### Work item
Tally how many lines in the material include the word "unit", then give that figure by itself.

### Recorded data
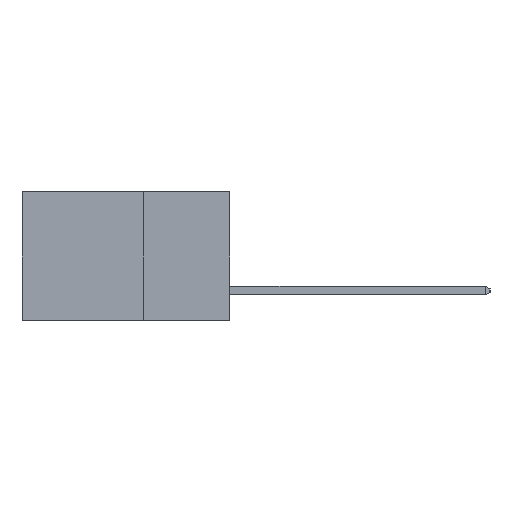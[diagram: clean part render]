
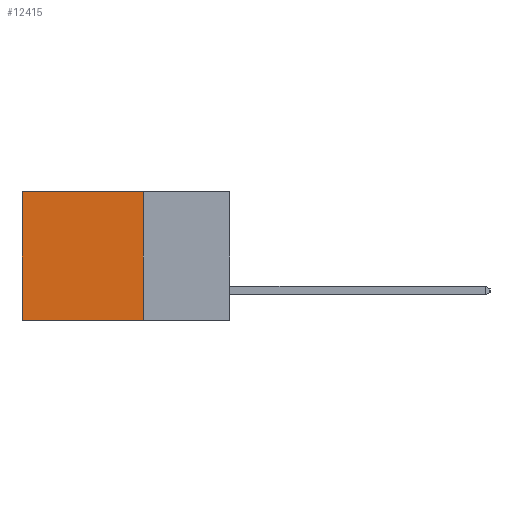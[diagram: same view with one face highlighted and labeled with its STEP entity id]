
A CAD part, left-side view. The second image highlights one B-rep face of the part: STEP entity #12415.
In plain terms, the highlighted planar face has unit normal (-1, 0, 0).
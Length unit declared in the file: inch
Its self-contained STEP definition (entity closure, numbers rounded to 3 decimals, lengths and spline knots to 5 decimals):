
#16 = PLANE ( 'NONE',  #3048 ) ;
#57 = ORIENTED_EDGE ( 'NONE', *, *, #283, .T. ) ;
#283 = EDGE_CURVE ( 'NONE', #6290, #8836, #1586, .T. ) ;
#784 = ORIENTED_EDGE ( 'NONE', *, *, #6087, .T. ) ;
#1035 = EDGE_LOOP ( 'NONE', ( #784, #9556, #11201, #57 ) ) ;
#1073 = VECTOR ( 'NONE', #1970, 39.37008 ) ;
#1586 = LINE ( 'NONE', #8631, #4074 ) ;
#1823 = CARTESIAN_POINT ( 'NONE',  ( 0.2615, 0.6, -0.37 ) ) ;
#1970 = DIRECTION ( 'NONE',  ( 0., 0., -1. ) ) ;
#1975 = CARTESIAN_POINT ( 'NONE',  ( 0.2615, 0.25, 0. ) ) ;
#2016 = CARTESIAN_POINT ( 'NONE',  ( 0.2615, 0.6, -0.37 ) ) ;
#2822 = VECTOR ( 'NONE', #3377, 39.37008 ) ;
#3048 = AXIS2_PLACEMENT_3D ( 'NONE', #3323, #10023, #4356 ) ;
#3323 = CARTESIAN_POINT ( 'NONE',  ( 0.2615, 0.25, -0.37 ) ) ;
#3377 = DIRECTION ( 'NONE',  ( 0., 1., 0. ) ) ;
#3529 = CARTESIAN_POINT ( 'NONE',  ( 0.2615, 0.25, -0.37 ) ) ;
#3826 = CARTESIAN_POINT ( 'NONE',  ( 0.2615, 0.25, -0.37 ) ) ;
#4074 = VECTOR ( 'NONE', #7270, 39.37008 ) ;
#4356 = DIRECTION ( 'NONE',  ( 0., 0., -1. ) ) ;
#5472 = LINE ( 'NONE', #3529, #2822 ) ;
#5944 = EDGE_CURVE ( 'NONE', #8714, #9341, #5472, .T. ) ;
#6087 = EDGE_CURVE ( 'NONE', #8836, #9341, #11780, .T. ) ;
#6290 = VERTEX_POINT ( 'NONE', #1975 ) ;
#6738 = EDGE_CURVE ( 'NONE', #6290, #8714, #7345, .T. ) ;
#7270 = DIRECTION ( 'NONE',  ( 0., 1., 0. ) ) ;
#7345 = LINE ( 'NONE', #3826, #7660 ) ;
#7660 = VECTOR ( 'NONE', #10462, 39.37008 ) ;
#8074 = CARTESIAN_POINT ( 'NONE',  ( 0.2615, 0.6, 0. ) ) ;
#8631 = CARTESIAN_POINT ( 'NONE',  ( 0.2615, 0.25, 0. ) ) ;
#8714 = VERTEX_POINT ( 'NONE', #11672 ) ;
#8836 = VERTEX_POINT ( 'NONE', #8074 ) ;
#9341 = VERTEX_POINT ( 'NONE', #1823 ) ;
#9556 = ORIENTED_EDGE ( 'NONE', *, *, #5944, .F. ) ;
#9745 = FACE_OUTER_BOUND ( 'NONE', #1035, .T. ) ;
#10023 = DIRECTION ( 'NONE',  ( 1., 0., 0. ) ) ;
#10462 = DIRECTION ( 'NONE',  ( 0., 0., -1. ) ) ;
#11201 = ORIENTED_EDGE ( 'NONE', *, *, #6738, .F. ) ;
#11672 = CARTESIAN_POINT ( 'NONE',  ( 0.2615, 0.25, -0.37 ) ) ;
#11780 = LINE ( 'NONE', #2016, #1073 ) ;
#12415 = ADVANCED_FACE ( 'NONE', ( #9745 ), #16, .F. ) ;

### The answer
2